Within a day of its release, Destiny had shipped over half a billion dollars worth of games to stores around the world and sold another couple million copies through digital marketplaces; by the end of the week, it was unquestionable that Destiny would be the game that everyone would be talking about for the next few months, if not years. For all intents and purposes, Bungie's first new IP since Halo was a runaway success, with an alleged playerbase of over 20 million people by the time of its one year anniversary. But as we all know, such numbers are rather irrelevant to the end user, as their satisfaction comes first and foremost to them, and rightfully so as people, not raw numbers, ultimately shape the legacy of games, and it is people that are the all-powerful factor that differentiates a game like Minecraft from No Man's Sky.
To their credit, Bungie did do a good job at making sure that Destiny delivered a memorable experience. After all, everyone knew what they were capable of with Halo, and Destiny was held to a higher standard as a result, for better or worse. Fans of the game will likely tell you of how ecstatic they were when they first beat the game's Raids after countless hours and innumerable tries or how envious they were when a friend of theirs got their seventh Gjallarhorn in as many days, experiences that have yet to be truly replicated to this day in any other game since then.
However, those same fans may also tell you of how unbelievably frustrating the Crucible (Destiny's PvP mode) was in every single aspect from map design to weapon balancing to reward distribution, and perhaps even how outright flawed Destiny was before it launched, from the presentation of its story, to all the mildly scandalous development potholes that Bungie hit along the way, to the fact that people practically begged for useless microtransactions after a while, despite all the outrage that such a notion had initially generated. At the end of the day though, virtually everyone will tell you of how Destiny had the potential to revolutionize game design, but ultimately failed in this regard due to the (reasonable or otherwise) demands of its audience.
You don't really need to look any further than The Division to find such proof of Destiny's influence. Given that The Division was released some two years after Destiny, it would be rather doubtful that Ubisoft made The Division as a clone of Destiny, but the fact remains that in the months leading up to The Division's release, people kept comparing the two. Will it have raids? What kind of post-launch content and support will there be? What will the PvP be like? How about the loot system, or story, or ability trees? True, such questions didn't necessarily have to stem from disgruntled Destiny players, but it was certainly amplified by the state that Destiny was in at the time, with no small amount of discontent resulting from the game's somewhat lackluster DLCs.

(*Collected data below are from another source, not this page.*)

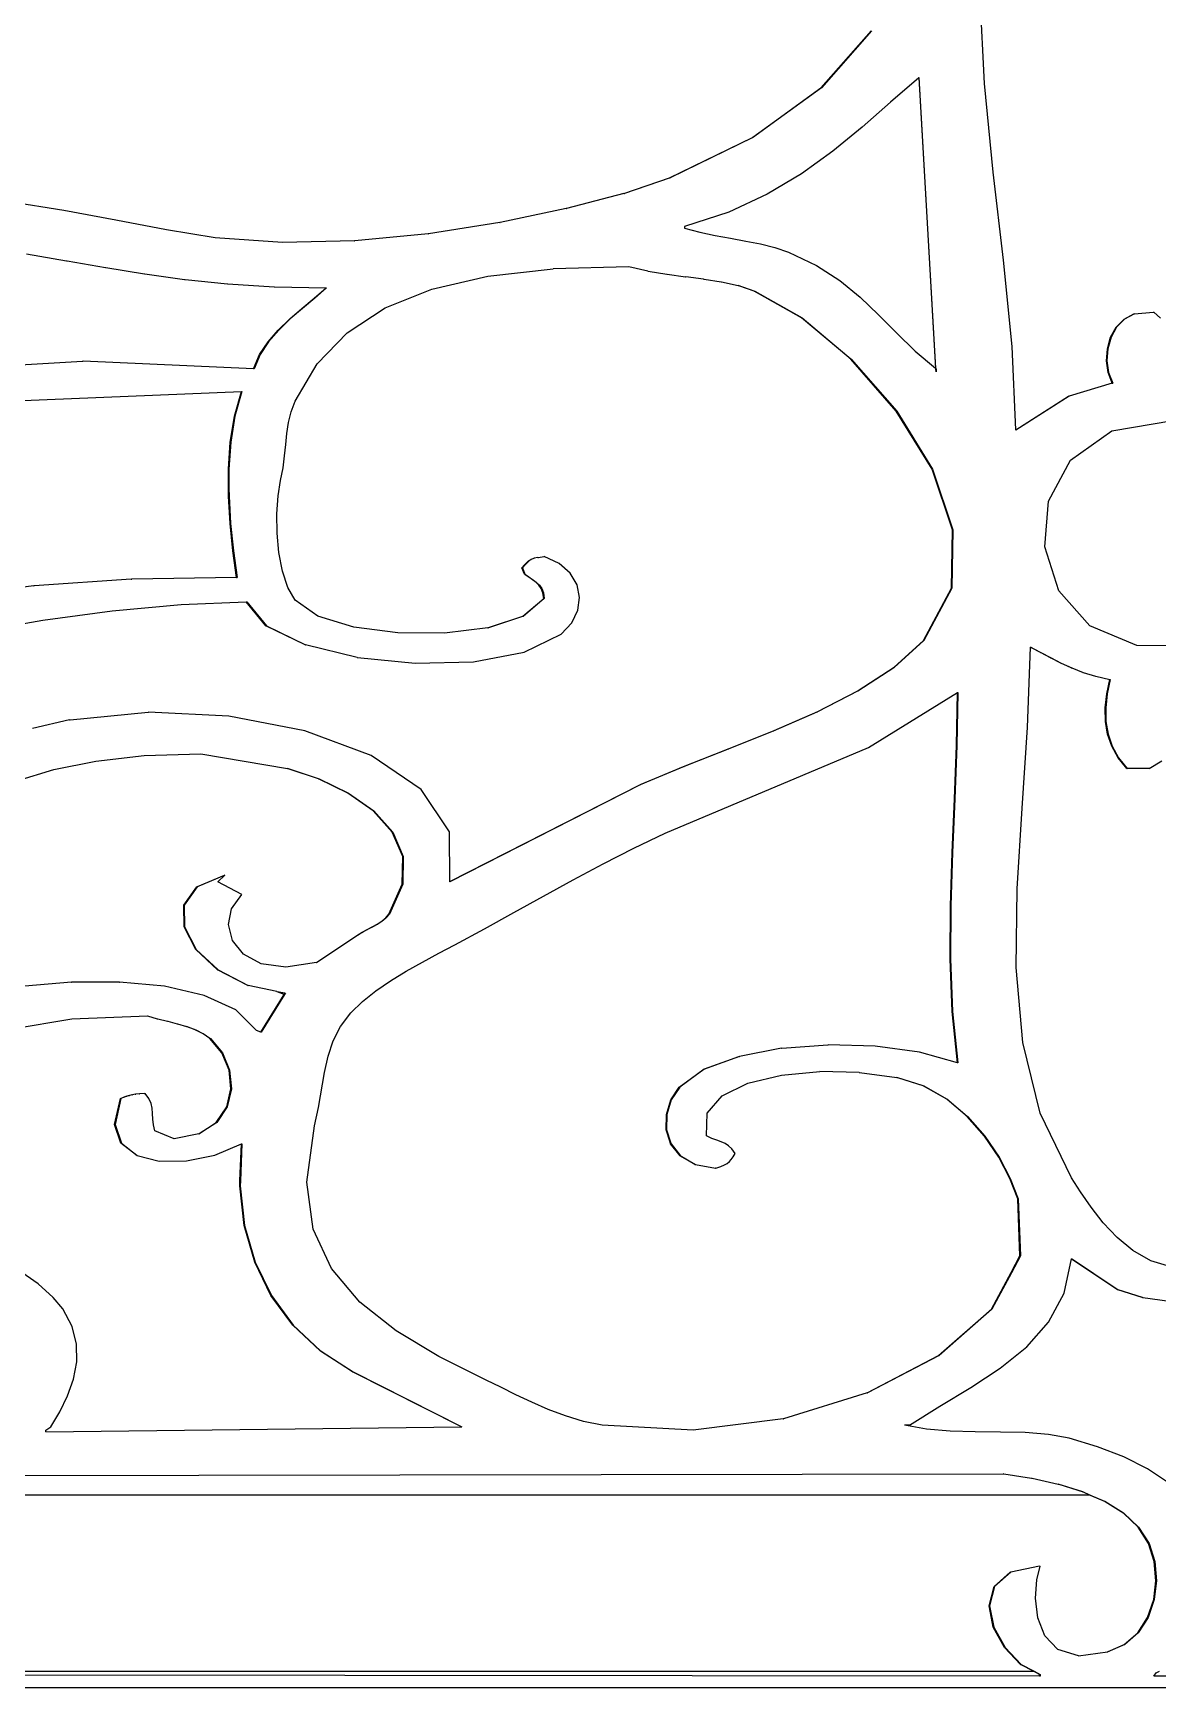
# Model space of a CAD drawing. Header units: inches. Extents: x 1397 to 20304, y -27267 to -746.
# Drawn here: x 13966.33 to 13977.86, y -23749.69 to -23732.72 of the extents above; entities that cross this region are included whole.
import ezdxf

# ---------------------------------------------------------------- set-up
doc = ezdxf.new("R2010")
doc.units = ezdxf.units.IN
doc.header["$LTSCALE"] = 17
doc.header["$MEASUREMENT"] = 0
doc.layers.add('25 BOT BAR', color=12, linetype='Continuous', lineweight=25)

# ---------------------------------------------------------------- blocks, each defined once
blk = doc.blocks.new('A$C99292ed1')
for p, q in [((59.625, 20.562), (59.579, 21.697)), ((57.947, 20.507), (58.462, 21.238)), ((58.467, 21.238), (57.952, 20.507)), ((58.95, 20.635), (58.661, 20.322)), ((58.955, 20.64), (58.95, 20.635)), ((58.95, 20.635), (59.121, 16.915)), ((59.126, 16.909), (58.955, 20.64)), ((59.715, 19.426), (59.625, 20.562)), ((57.245, 19.871), (57.947, 20.507)), ((57.952, 20.507), (57.25, 19.871)), ((57.947, 20.507), (57.952, 20.507)), ((58.661, 20.322), (58.37, 20.005)), ((56.396, 19.354), (57.245, 19.871)), ((57.25, 19.871), (56.401, 19.354)), ((57.245, 19.871), (57.25, 19.871)), ((58.37, 20.005), (58.07, 19.696)), ((58.07, 19.696), (57.75, 19.406)), ((55.928, 19.155), (56.396, 19.354)), ((56.401, 19.354), (55.933, 19.155)), ((56.396, 19.354), (56.401, 19.354)), ((57.75, 19.406), (57.398, 19.143)), ((59.819, 18.3), (59.715, 19.426)), ((50.185, 18.936), (49.628, 19.045)), ((55.928, 19.155), (55.341, 18.959)), ((55.928, 19.155), (55.933, 19.155)), ((57.398, 19.143), (57.002, 18.915)), ((50.721, 18.81), (50.185, 18.936)), ((55.336, 18.959), (54.66, 18.781)), ((55.336, 18.959), (55.341, 18.959)), ((57.002, 18.915), (56.549, 18.732)), ((51.239, 18.687), (50.721, 18.81)), ((51.739, 18.587), (51.239, 18.687)), ((54.655, 18.781), (53.925, 18.638)), ((54.655, 18.781), (54.66, 18.781)), ((56.549, 18.732), (56.549, 18.711)), ((56.549, 18.711), (56.706, 18.658)), ((52.429, 18.525), (51.739, 18.587)), ((53.165, 18.547), (52.429, 18.525)), ((53.165, 18.547), (53.169, 18.547)), ((53.92, 18.638), (53.169, 18.547)), ((53.92, 18.638), (53.925, 18.638)), ((56.706, 18.658), (56.863, 18.616)), ((56.863, 18.616), (57.021, 18.579)), ((57.021, 18.579), (57.177, 18.544)), ((57.177, 18.544), (57.329, 18.506)), ((57.329, 18.506), (57.476, 18.46)), ((49.805, 18.38), (50.214, 18.291)), ((57.476, 18.46), (57.616, 18.4)), ((57.616, 18.4), (57.901, 18.231)), ((50.214, 18.291), (50.219, 18.291)), ((50.219, 18.291), (50.614, 18.205)), ((50.614, 18.205), (50.618, 18.205)), ((50.618, 18.205), (51.013, 18.123)), ((54.532, 18.094), (55.203, 18.189)), ((55.979, 18.214), (55.203, 18.189)), ((56.172, 18.158), (55.979, 18.214)), ((56.172, 18.158), (56.177, 18.158)), ((56.177, 18.158), (56.367, 18.118)), ((57.901, 18.231), (58.141, 18.037)), ((59.907, 17.194), (59.819, 18.3)), ((51.013, 18.123), (51.017, 18.123)), ((51.017, 18.123), (51.425, 18.052)), ((51.425, 18.052), (51.429, 18.052)), ((51.429, 18.052), (51.863, 17.996)), ((51.863, 17.996), (51.868, 17.996)), ((51.868, 17.996), (52.342, 17.958)), ((53.959, 17.927), (54.532, 18.094)), ((56.367, 18.118), (56.372, 18.118)), ((56.372, 18.118), (56.558, 18.087)), ((56.558, 18.087), (56.563, 18.087)), ((56.745, 18.057), (56.563, 18.087)), ((56.745, 18.057), (56.75, 18.057)), ((56.75, 18.057), (56.925, 18.021)), ((56.925, 18.021), (56.93, 18.021)), ((56.93, 18.021), (57.099, 17.972)), ((58.141, 18.037), (58.349, 17.824)), ((52.342, 17.958), (52.347, 17.958)), ((52.347, 17.958), (52.875, 17.944)), ((52.753, 17.812), (52.875, 17.944)), ((52.879, 17.944), (52.758, 17.812)), ((52.875, 17.944), (52.879, 17.944)), ((53.481, 17.686), (53.959, 17.927)), ((57.264, 17.903), (57.099, 17.972)), ((57.099, 17.972), (57.104, 17.972)), ((57.104, 17.972), (57.269, 17.903)), ((57.264, 17.903), (57.269, 17.903)), ((57.749, 17.559), (57.264, 17.903)), ((57.269, 17.903), (57.754, 17.559)), ((58.349, 17.824), (58.538, 17.599)), ((52.502, 17.545), (52.627, 17.681)), ((52.632, 17.681), (52.507, 17.545)), ((52.627, 17.681), (52.753, 17.812)), ((52.627, 17.681), (52.632, 17.681)), ((52.758, 17.812), (52.632, 17.681)), ((52.753, 17.812), (52.758, 17.812)), ((53.091, 17.368), (53.481, 17.686)), ((52.385, 17.403), (52.502, 17.545)), ((52.507, 17.545), (52.389, 17.403)), ((52.502, 17.545), (52.507, 17.545)), ((58.254, 17.029), (57.749, 17.559)), ((57.749, 17.559), (57.754, 17.559)), ((57.754, 17.559), (58.259, 17.029)), ((58.538, 17.599), (58.722, 17.366)), ((60.975, 17.44), (61.055, 17.544)), ((61.06, 17.544), (60.979, 17.44)), ((61.055, 17.544), (61.157, 17.612)), ((61.055, 17.544), (61.06, 17.544)), ((61.162, 17.612), (61.06, 17.544)), ((61.157, 17.612), (61.162, 17.612)), ((61.162, 17.612), (61.355, 17.633)), ((61.355, 17.633), (61.36, 17.633)), ((61.429, 17.557), (61.36, 17.633)), ((52.28, 17.252), (52.385, 17.403)), ((52.389, 17.403), (52.285, 17.252)), ((52.385, 17.403), (52.389, 17.403)), ((52.785, 16.971), (53.091, 17.368)), ((58.722, 17.366), (58.915, 17.134)), ((60.884, 17.163), (60.917, 17.31)), ((60.922, 17.31), (60.889, 17.163)), ((60.917, 17.31), (60.975, 17.44)), ((60.917, 17.31), (60.922, 17.31)), ((60.979, 17.44), (60.922, 17.31)), ((60.975, 17.44), (60.979, 17.44)), ((52.193, 17.088), (52.28, 17.252)), ((52.285, 17.252), (52.198, 17.088)), ((52.28, 17.252), (52.285, 17.252)), ((59.947, 16.123), (59.907, 17.194)), ((60.875, 17.01), (60.884, 17.163)), ((60.889, 17.163), (60.88, 17.01)), ((60.884, 17.163), (60.889, 17.163)), ((48.682, 16.884), (50.379, 17.003)), ((50.379, 17.003), (50.382, 17.003)), ((50.384, 17.003), (50.382, 17.003)), ((52.131, 16.907), (50.384, 17.003)), ((52.131, 16.907), (52.193, 17.088)), ((52.198, 17.088), (52.136, 16.907)), ((52.193, 17.088), (52.198, 17.088)), ((52.557, 16.492), (52.785, 16.971)), ((58.254, 17.029), (58.259, 17.029)), ((58.72, 16.364), (58.254, 17.029)), ((58.259, 17.029), (58.725, 16.364)), ((58.915, 17.134), (59.121, 16.915)), ((60.875, 17.01), (60.88, 17.01)), ((60.891, 16.859), (60.875, 17.01)), ((60.88, 17.01), (60.896, 16.859)), ((52.136, 16.907), (52.131, 16.907)), ((59.121, 16.915), (59.126, 16.909)), ((59.126, 16.909), (59.128, 16.907)), ((59.126, 16.907), (59.126, 16.909)), ((59.126, 16.907), (59.128, 16.907)), ((59.128, 16.866), (59.126, 16.907)), ((59.128, 16.907), (59.128, 16.866)), ((60.891, 16.859), (60.896, 16.859)), ((60.934, 16.721), (60.891, 16.859)), ((60.896, 16.859), (60.939, 16.721)), ((60.934, 16.721), (60.492, 16.555)), ((60.934, 16.721), (60.939, 16.721)), ((49.683, 16.497), (52.007, 16.617)), ((51.936, 16.298), (52.007, 16.617)), ((52.012, 16.617), (51.941, 16.298)), ((52.007, 16.617), (52.012, 16.617)), ((52.516, 16.355), (52.557, 16.492)), ((60.492, 16.555), (59.947, 16.119)), ((59.947, 16.123), (60.487, 16.555)), ((60.487, 16.555), (60.492, 16.555)), ((51.893, 15.965), (51.936, 16.298)), ((51.941, 16.298), (51.898, 15.965)), ((51.936, 16.298), (51.941, 16.298)), ((52.489, 16.218), (52.516, 16.355)), ((58.72, 16.364), (58.725, 16.364)), ((59.087, 15.618), (58.72, 16.364)), ((58.725, 16.364), (59.091, 15.618)), ((52.472, 16.079), (52.489, 16.218)), ((59.947, 16.119), (59.947, 16.123)), ((60.93, 16.11), (61.555, 16.243)), ((51.874, 15.622), (51.893, 15.965)), ((51.898, 15.965), (51.879, 15.622)), ((51.893, 15.965), (51.898, 15.965)), ((52.461, 15.938), (52.472, 16.079)), ((60.506, 15.736), (60.93, 16.11)), ((52.434, 15.638), (52.45, 15.791)), ((52.45, 15.791), (52.461, 15.938)), ((51.874, 15.622), (51.879, 15.622)), ((51.875, 15.371), (51.874, 15.622)), ((51.879, 15.622), (51.879, 15.371)), ((52.408, 15.476), (52.434, 15.638)), ((59.087, 15.618), (59.091, 15.618)), ((59.295, 14.843), (59.087, 15.618)), ((59.091, 15.618), (59.3, 14.843)), ((60.28, 15.211), (60.506, 15.736)), ((52.382, 15.279), (52.408, 15.476)), ((51.879, 15.371), (51.875, 15.371)), ((51.875, 15.273), (51.875, 15.371)), ((51.875, 15.273), (51.88, 15.273)), ((51.892, 14.923), (51.875, 15.273)), ((51.879, 15.371), (51.88, 15.273)), ((51.88, 15.273), (51.896, 14.923)), ((52.37, 15.048), (52.382, 15.279)), ((60.243, 14.623), (60.28, 15.211)), ((52.373, 14.8), (52.37, 15.048)), ((51.892, 14.923), (51.896, 14.923)), ((51.92, 14.574), (51.892, 14.923)), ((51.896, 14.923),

Of course, you may argue that it was Borderlands that paved the way for Destiny to succeed to begin with, given that it popularized the loot-based MMORPG-lite FPS experience on consoles, but ask yourself this: when Anthem, BioWare's new IP, was unveiled at E3 2017, what was the game that everyone kept comparing it to? Like it or not, Destiny is the new benchmark for such games, not because it was this perfect game that everyone loved and still loves, but because it was ultimately a flawed product in so many different ways. As such, virtually everyone knows what to keep an eye out for; the warning signs that so and so developer didn't watch the competition closely enough, which in itself is something that we should perhaps be thankful for lest another developer tries to justify the lack of end-game content matchmaking as an improvement to your gameplay experience.
In all fairness, as Bungie and Activision are finishing up Destiny 2, perhaps Destiny's greatest triumph was proving that if you have solid core gameplay mechanics, then almost every other fault becomes tolerable. The story may be nonexistent, the enemies may be needlessly frustrating, the weapon balancing may as well have been decided by handing an Etch-A-Sketch to a monkey, but the core gameplay was fairly unique and near faultless. The Division suffered many of the same faults as Destiny, but when all was said and done, the former just didn't feel as fluid and satisfying to play as the latter. It certainly didn't hurt that Destiny had some very good music thanks to Marty O'Donnell, which can often be a small, underappreciated detail that shifts an experience from being merely mediocre to being great.
For all anyone knows, Destiny 2 may as well just be comprised of leftover DLC levels, higher-resolution textures, and cut voice acting from the first game, but is that really so bad? People stayed with Destiny far longer than one would expect given all the valid complaints that they had (the game's subreddit is still relatively active for a three year old game); after all, criticism about the story and balancing and lack of matchmaking are relatively easy to fix compared to the prospect of overhauling a game's movement and shooting mechanics and subsequently adjusting literally everything else to compensate. Maybe, just maybe, Bungie will have learned much from the feedback from the first Destiny, and who knows, Destiny 2 may eventually win back even the most stubborn of critics and players that left its predecessor.